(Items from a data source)
◆ ◆ ◆ ◆ ◆ ◆ ◆
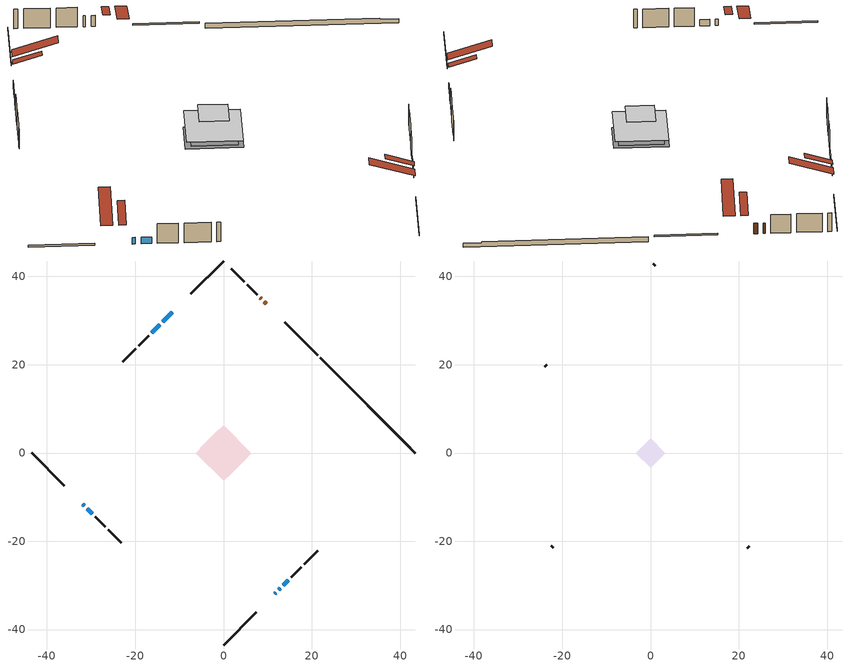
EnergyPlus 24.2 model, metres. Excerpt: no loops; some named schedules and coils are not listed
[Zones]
conditioned space
 floor adiabatic (Floor2 construction): -5.28,0 0,5.28 5.28,0 0,-5.28 z0.37
 floor adiabatic (AdiabaticFloorConstruction): -6.25,0 0,6.25 6.25,0 0,-6.25 z1.59
 floor foundation (Slab1 construction): -5.39,1.08 -1.08,5.39 5.39,-1.08 1.08,-5.39 z-0.61
 wall outside (RimJoist1 construction): 0,-43.5 7.41,-36.09 / -43.5,0 -36.09,-7.41 / 0,43.5 -7.41,36.09 / 21.3,22.2 13.89,29.61 z0.37:0.67
 wall outside (AdiabaticWallConstruction 1): 9.71,33.79 9.25,34.26 / 8.59,34.91 8.36,35.14 z0.37:2.4
 wall outside (AdiabaticWallConstruction): 11.59,-31.91 11.85,-31.66 / 12.5,-31 12.91,-30.59 / -31.91,-11.59 -31.58,-11.92 / -11.59,31.91 -13.8,29.7 / -14.46,29.05 -16.24,27.27 / 13.56,-29.94 14.69,-28.82 / -30.93,-12.58 -29.76,-13.74 z0.37:1.59
 wall outside (Wall1 construction): 15.34,-28.16 17.66,-25.84 / -29.11,-14.39 -26.79,-16.71 / -16.89,26.61 -19.21,24.29 / 7.7,35.8 5.38,38.12 z0.37:4.03
 wall outside (Wall2 construction): 18.32,-25.18 21.3,-22.2 / -26.13,-17.37 -23.15,-20.35 / -19.87,23.63 -22.85,20.65 / 4.73,38.78 1.74,41.76 z0.37:4.03
 wall foundation (FoundationWall1 construction): 21.96,21.55,-0.61 21.96,21.55,0.37 41.35,2.15,0.37 41.35,2.15,0.15 43.5,0,0.15 43.5,0,-0.61
 window (WindowConstruction): 11.59,-31.91 11.84,-31.66 z0.37:1.59
 window (WindowConstruction 1): 12.5,-31 12.91,-30.59 z0.37:1.59
 window (WindowConstruction 6): -31.91,-11.59 -31.58,-11.92 z0.37:1.59
 window (WindowConstruction 2): -11.59,31.91 -13.8,29.7 z0.37:1.59
 window (WindowConstruction 3): -14.46,29.05 -16.24,27.27 z0.37:1.59
 window (WindowConstruction 4): 13.57,-29.94 14.69,-28.82 z0.37:1.59
 window (WindowConstruction 5): -30.93,-12.58 -29.77,-13.74 z0.37:1.59
 door (Door): 9.71,33.79 9.25,34.26 z0.37:2.4
 door (Door 1): 8.59,34.91 8.36,35.14 z0.37:2.4
 ceiling adiabatic (AdiabaticFloorConstruction): 0,-6.25 6.25,0 0,6.25 -6.25,0 z1.59
 roof outside (Roof1 construction): 9.42,-34.08,4.03 4.29,-28.95,6.45 2.94,-30.3,6.45 8.07,-35.44,4.03; -34.08,-9.42,4.03 -28.95,-4.29,6.45 -30.3,-2.94,6.45 -35.44,-8.07,4.03; -9.42,34.08,4.03 -4.29,28.95,6.45 -2.94,30.3,6.45 -8.07,35.44,4.03; 11.88,31.62,4.03 6.75,26.49,6.45 8.1,25.14,6.45 13.23,30.27,4.03
attic - vented
 floor to conditioned space (Floor1 construction Reversed): -3.34,0 0,3.34 3.34,0 0,-3.34 z4.03
 wall outside (Wall3 construction): 21.96,-21.54 22.39,-21.11 / -22.49,-21.01 -22.06,-21.44 / -23.51,19.99 -23.94,19.56 / 1.09,42.42 0.66,42.85 z0.37:4.03
 roof outside (Roof2 construction): 10.93,-32.57,4.03 7.68,-29.32,5.56 6.82,-30.17,5.56 10.08,-33.43,4.03; -32.57,-10.93,4.03 -29.32,-7.68,5.56 -30.17,-6.82,5.56 -33.43,-10.08,4.03; -10.93,32.57,4.03 -7.68,29.32,5.56 -6.82,30.17,5.56 -10.08,33.43,4.03; 10.37,33.14,4.03 7.11,29.89,5.56 7.97,29.03,5.56 11.22,32.28,4.03
[Building]
Building 1: Terrain=Suburbs
[Site:Location]
Val Dor_QC: Latitude {deg}=48.06; Longitude {deg}=-77.79; Time Zone {hr}=-5; Elevation {m}=339; Keep Site Location Information=Yes
[Site:GroundTemperature:Shallow]
-3.62723, -6.2282, -6.43649, -5.2022, -0.247206, 4.68471, 8.96041, 11.669, 11.8991, 9.69612, 5.52945, 0.748825
[Site:WaterMainsTemperature]
Calculation Method=Schedule; Temperature Schedule=mains temperature schedule
[Material] Roughness=Rough; Thermal Absorptance=0.9
Name | Thickness {m} | Conductivity {W/m-K} | Density {kg/m3} | Specific Heat {J/kg-K} | Solar Absorptance | Visible Absorptance
asphalt or fiberglass shingles | 0.00635 | 0.162714 | 1121.4 | 1465.45 | 0.4 | 0.4
ceiling loosefill ins | 0.254 | 0.0480833 | 16.02 | 1046.75 | 0.7 | 0.7
ceiling stud and cavity | 0.1397 | 0.127347 | 65.682 | 1177.47 | 0.7 | 0.7
concrete 4.0 in. | 0.1016 | 1.803125 | 2242.8 | 837.4 | 0.7 | 0.7
concrete 8.0 in. | 0.2032 | 1.803125 | 2242.8 | 837.4 | 0.7 | 0.7
door material | 0.04445 | 0.0451087 | 512.64 | 1214.23 | 0.7 | 0.7
door material 1 | 0.04445 | 0.20624 | 512.64 | 1214.23 | 0.7 | 0.7
exterior vertical ins | 0.00994886 | 0.029427 | 32.04 | 1214.23 | 0.7 | 0.7
floor covering | 0.0127 | 9.015625 | 54.468 | 1339.84 | 0.6 | 0.6
floor covering 1 | 0.0127 | 0.0433444 | 54.468 | 1339.84 | 0.6 | 0.6
floor rigid ins; wall rigid ins | 0.512978 | 0.029427 | 32.04 | 1214.23 | 0.7 | 0.7
floor stud and cavity | 0.0889 | 0.621767 | 50.32683 | 1063.81 | 0.7 | 0.7
floor stud and cavity 1 | 0.1397 | 1.75129 | 37.0049 | 1207.88 | 0.7 | 0.7
furniture material conditioned space 1 | 0.1524 | 0.115458 | 640.8 | 1214.23 | 0.6 | 0.6
gypsum board | 0.0127 | 0.160291 | 801 | 837.4 | 0.6 | 0.6
gypsum board 1 | 0.0127 | 0.160291 | 801 | 837.4 | 0.7 | 0.7
osb sheathing 0.5 in. | 0.0127 | 0.115458 | 512.64 | 1214.23 | 0.7 | 0.7
osb sheathing 0.75 in. | 0.01905 | 0.115458 | 512.64 | 1214.23 | 0.7 | 0.7
rim joist stud and cavity | 0.0508 | 0.172285 | 50.32683 | 1063.81 | 0.6 | 0.6
roof rigid ins | 0.051816 | 0.029427 | 32.04 | 1214.23 | 0.7 | 0.7
roof stud and cavity | 0.2032 | 0.199384 | 78.34581 | 1123.46 | 0.7 | 0.7
wall stud and cavity | 0.1397 | 0.0910889 | 139.0536 | 1170.24 | 0.7 | 0.7
wall stud and cavity 1 | 0.1397 | 0.090569 | 139.0536 | 1170.24 | 0.7 | 0.7
wall stud and cavity 2 | 0.0889 | 6.1454 | 50.32683 | 1063.81 | 0.6 | 0.6
wall stud and cavity 3 | 0.0889 | 0.380278 | 52.3479 | 1209.89 | 0.7 | 0.7
wall stud and cavity 4 | 0.0889 | 0.391764 | 83.0341 | 1211.67 | 0.7 | 0.7
wood siding | 0.0254 | 0.102417 | 544.68 | 1172.36 | 0.4 | 0.4
wood siding 1 | 0.00254 | 0.102417 | 544.68 | 1172.36 | 0.4 | 0.4
wood siding 2; wood siding 3; wood siding 4 | 0.0254 | 0.102417 | 544.68 | 1172.36 | 0.7 | 0.7
[WindowMaterial:SimpleGlazingSystem]
Name | U-Factor {W/m2-K} | Solar Heat Gain Coefficient
WindowMaterial | 4.44247 | 0.48
WindowMaterial 1 | 2.97698 | 0.54
WindowMaterial 2 | 2.97414 | 0.6
WindowMaterial 3 | 2.84581 | 0.68
WindowMaterial 4 | 2.95994 | 0.56
WindowMaterial 5 | 2.84581 | 0.67
WindowMaterial 6 | 2.98209 | 0.6
[Construction]
AdiabaticFloorConstruction: floor stud and cavity 1, floor rigid ins, osb sheathing 0.75 in., floor covering 1
AdiabaticWallConstruction: wood siding 3, wall rigid ins, wall stud and cavity 3, gypsum board
AdiabaticWallConstruction 1: wood siding 4, wall rigid ins, wall stud and cavity 3, gypsum board
Door: door material
Door 1: door material 1
Floor1 construction Reversed: gypsum board, ceiling stud and cavity, ceiling loosefill ins
Floor2 construction: floor stud and cavity, floor covering
FoundationWall1 construction: concrete 8.0 in., gypsum board 1
furniture construction conditioned space 1: furniture material conditioned space 1
PartitionWallConstruction: gypsum board, wall stud and cavity 4, gypsum board
RimJoist1 construction: wood siding 2, rim joist stud and cavity
Roof1 construction: asphalt or fiberglass shingles, roof rigid ins, osb sheathing 0.75 in., roof stud and cavity, gypsum board
Roof2 construction: asphalt or fiberglass shingles
Slab1 construction: concrete 4.0 in.
Wall1 construction: wood siding, osb sheathing 0.5 in., wall stud and cavity, gypsum board
Wall2 construction: wood siding, osb sheathing 0.5 in., wall stud and cavity 1, gypsum board
Wall3 construction: wood siding 1, wall stud and cavity 2
WindowConstruction: WindowMaterial
WindowConstruction 1: WindowMaterial 1
WindowConstruction 2: WindowMaterial 2
WindowConstruction 3: WindowMaterial 3
WindowConstruction 4: WindowMaterial 4
WindowConstruction 5: WindowMaterial 5
WindowConstruction 6: WindowMaterial 6
[Zone] Multiplier=1; Part of Total Floor Area=Yes
Name | Volume {m3}
attic - vented | 5.55017
conditioned space | 367.6
[Space]
Name | Zone | Volume {m3}
attic - vented 1 | attic - vented | 5.55017
conditioned space 1 | conditioned space | 367.6
[ZoneInfiltration:EffectiveLeakageArea]
infil attic - vented 1: Zone or Space=attic - vented 1; Schedule=Always On Discrete; Effective Air Leakage Area {cm2}=810.909; Stack Coefficient=0.000360957; Wind Coefficient=1.28365e-05
[ZoneMixing]
whole house fan mix: Zone or Space=attic - vented; Schedule=Always On Continuous; Design Flow Rate Calculation Method=Flow/Zone; Design Flow Rate {m3/s}=0; Source Zone or Space=conditioned space
[SurfaceProperty:ExposedFoundationPerimeter]
Slab1: Exposed Perimeter Calculation Method=TotalExposedPerimeter; Total Exposed Perimeter {m}=30.472
[InternalMass] Zone or ZoneList=conditioned space; Space or SpaceList=conditioned space 1
Name | Construction | Surface Area {m2}
furniture mass conditioned space 1 | furniture construction conditioned space 1 | 75.7742
partition wall mass | PartitionWallConstruction | 133.718
[Lights]
interior lighting: Zone or ZoneList or Space or SpaceList=conditioned space 1; Schedule=interior lighting schedule; Design Level Calculation Method=LightingLevel; Lighting Level {W}=343.2; Return Air Fraction=0; Fraction Radiant=0.6; Fraction Visible=0.2; Fraction Replaceable=1
[People]
occupants: Zone or ZoneList or Space or SpaceList=conditioned space 1; Number of People Schedule=occupants schedule; Number of People Calculation Method=People; Number of People=3; Fraction Radiant=0.314171; Sensible Heat Fraction=0.56303; Activity Level Schedule=occupants activity schedule; Carbon Dioxide Generation Rate {m3/s-W}=0; Enable ASHRAE 55 Comfort Warnings=No; Mean Radiant Temperature Calculation Type=EnclosureAveraged
[ElectricEquipment] Zone or ZoneList or Space or SpaceList=conditioned space 1; Design Level Calculation Method=EquipmentLevel
Name | Schedule | Design Level {W} | Fraction Latent | Fraction Radiant | Fraction Lost
clothes dryer | clothes dryer schedule | 140.772 | 0.015 | 0.081 | 0.85
clothes washer | clothes washer schedule | 32.1985 | 0.03 | 0.162 | 0.7
cooking range | cooking range schedule | 215.147 | 0.08 | 0.432 | 0.2
dishwasher | dishwasher schedule | 66.8632 | 0.3 | 0.18 | 0.4
fridge | fridge schedule | 72.9452 | 0 | 0.6 | 0
mech vent house fan | mech vent house fan schedule | 0 | 0 | 0 | 1
mech vent house fan cfis | mech vent house fan cfis schedule | 0 | 0 | 0 | 0
misc plug loads | misc plug loads schedule | 494.7 | 0.045 | 0.513 | 0.1
whole house fan | Always On Discrete | 0 | 0 | 0 | 1
[OtherEquipment] Zone or ZoneList or Space or SpaceList=conditioned space 1; Design Level Calculation Method=EquipmentLevel
Name | Fuel Type | Schedule | Design Level {W} | Fraction Latent | Fraction Radiant | Fraction Lost
clothes dryer 1 | Electricity | clothes dryer schedule | 0 | 0.015 | 0.081 | 0.85
cooking range 1 | Electricity | cooking range schedule | 0 | 0.08 | 0.432 | 0.2
general water use latent | None | general water use schedule | 62.594 | 1 | 0 | 0
general water use sensible | None | general water use schedule | -61.6891 | 0 | 0.6 | 0
mech vent house fan latent load | None | Always On Discrete | 0 | 1 | 0 | 0
mech vent house fan sensible load | None | Always On Discrete | 0 | 0 | 0 | 0
water heater energy adjustment1 | Electricity | Always On Discrete | 0.01 | 0 | 0 | 1
[ZoneInfiltration:DesignFlowRate] Zone or ZoneList or Space or SpaceList=conditioned space 1; Schedule=Always On Discrete; Design Flow Rate Calculation Method=Flow/Zone; Design Flow Rate {m3/s}=0
infil flow; natural vent flow; whole house fan flow
[ZoneControl:Thermostat]
conditioned space Thermostat: Zone or ZoneList=conditioned space; Control Type Schedule=conditioned space Thermostat Schedule; Control 1=conditioned space temperature setpoint; Temperature Difference Between Cutout And Setpoint {deltaC}=0
[ThermostatSetpoint:DualSetpoint]
conditioned space temperature setpoint: Heating Setpoint Temperature Schedule=heating setpoint; Cooling Setpoint Temperature Schedule=cooling setpoint
[AirLoopHVAC:UnitarySystem]
unit heater unitary system: Control Type=Load; Controlling Zone or Thermostat Location=conditioned space; Dehumidification Control Type=None; Availability Schedule=Always On Discrete; Supply Fan=unit heater supply fan; Fan Placement=BlowThrough; Supply Air Fan Operating Mode Schedule=unit heater auto fan schedule; Heating Coil=unit heater htg coil; DX Heating Coil Sizing Ratio=1; Use DOAS DX Cooling Coil=No; Minimum Supply Air Temperature {C}=2; Latent Load Control=SensibleOnlyLoadControl; Cooling Supply Air Flow Rate Method=None; Heating Supply Air Flow Rate Method=SupplyAirFlowRate; Heating Supply Air Flow Rate {m3/s}=0.00141584; No Load Supply Air Flow Rate Method=SupplyAirFlowRate; No Load Supply Air Flow Rate {m3/s}=0; No Load Supply Air Flow Rate Control Set To Low Speed=Yes; Maximum Supply Air Temperature {C}=48.8889; Maximum Outdoor Dry-Bulb Temperature for Supplemental Heater Operation {C}=21; Ancillary On-Cycle Electric Power {W}=0; Ancillary Off-Cycle Electric Power {W}=0
[Zone equipment]
conditioned space: electric baseboard, unit heater unitary system
[Foundation:Kiva]
Foundation Kiva 1: Initial Indoor Air Temperature {C}=18; Wall Height Above Grade {m}=0.369997; Wall Depth Below Slab {m}=0.2032; Custom Block Material Name 1=exterior vertical ins; Custom Block Depth 1 {m}=0.979993; Custom Block X Position 1 {m}=0.2159; Custom Block Z Position 1 {m}=0
[Foundation:Kiva:Settings]
Soil Conductivity {W/m-K}=0.849921; Soil Density {kg/m3}=1842.3; Soil Specific Heat {J/kg-K}=418.7; Ground Solar Absorptivity=0.9; Ground Thermal Absorptivity=0.9; Ground Surface Roughness {m}=0.03; Far-Field Width {m}=40; Deep-Ground Boundary Condition=ZeroFlux; Deep-Ground Depth {m}=40; Minimum Cell Dimension {m}=0.2; Maximum Cell Growth Coefficient=3; Simulation Timestep=Timestep
[Exterior:Lights]
exterior lighting: Schedule=exterior lighting schedule; Design Level {W}=75.6
[EnergyManagementSystem:Sensor] Output:Variable or Output:Meter Index Key=conditioned space
Name | Output:Variable or Output:Meter
conditioned_space_clg_unmet_s | Zone Cooling Setpoint Not Met Time
conditioned_space_htg_unmet_s | Zone Heating Setpoint Not Met Time
fridge_tin_s; tin_s; tin_s_1 | Zone Mean Air Temperature
tout_s | Zone Outdoor Air Drybulb Temperature
win_s | Zone Air Humidity Ratio
[Schedule:Constant]
Name | Hourly Value
Always On Continuous; mech vent house fan schedule; mech vent house fan cfis schedule; Always On Discrete | 1
occupants activity schedule | 117.228
fridge schedule; unit heater auto fan schedule | 0
[Schedule:Week:Daily]
interior lighting schedule Week Rule - Jan1-Jan27: interior lighting schedule day, interior lighting schedule day, interior lighting schedule day, interior lighting schedule day, interior lighting schedule day, interior lighting schedule day, interior lighting schedule day, interior lighting schedule default day, interior lighting schedule default day, interior lighting schedule default day, interior lighting schedule default day, interior lighting schedule default day
interior lighting schedule Week Rule - Jan28-Feb3: interior lighting schedule day, interior lighting schedule day, interior lighting schedule day, interior lighting schedule day, interior lighting schedule day 1, interior lighting schedule day 1, interior lighting schedule day 1, interior lighting schedule default day, interior lighting schedule default day, interior lighting schedule default day, interior lighting schedule default day, interior lighting schedule default day
interior lighting schedule Week Rule - Feb4-Feb24: interior lighting schedule day 1, interior lighting schedule day 1, interior lighting schedule day 1, interior lighting schedule day 1, interior lighting schedule day 1, interior lighting schedule day 1, interior lighting schedule day 1, interior lighting schedule default day, interior lighting schedule default day, interior lighting schedule default day, interior lighting schedule default day, interior lighting schedule default day
interior lighting schedule Week Rule - Feb25-Mar3: interior lighting schedule day 1, interior lighting schedule day 1, interior lighting schedule day 1, interior lighting schedule day 1, interior lighting schedule day 2, interior lighting schedule day 2, interior lighting schedule day 2, interior lighting schedule default day, interior lighting schedule default day, interior lighting schedule default day, interior lighting schedule default day, interior lighting schedule default day
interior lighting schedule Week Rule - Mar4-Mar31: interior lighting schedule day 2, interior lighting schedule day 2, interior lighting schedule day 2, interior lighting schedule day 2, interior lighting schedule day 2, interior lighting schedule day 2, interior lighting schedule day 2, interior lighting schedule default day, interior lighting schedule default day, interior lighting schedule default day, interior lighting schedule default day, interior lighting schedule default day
◆ ◆ ◆ ◆ ◆ ◆ ◆
### Instructions for the task:
Above this instruction are the records; retype exactly the lines from the one containing "[Schedule:Constant]" up to and including the one containing "[Schedule:Week:Daily]".

### Output below:
[Schedule:Constant]
Name | Hourly Value
Always On Continuous; mech vent house fan schedule; mech vent house fan cfis schedule; Always On Discrete | 1
occupants activity schedule | 117.228
fridge schedule; unit heater auto fan schedule | 0
[Schedule:Week:Daily]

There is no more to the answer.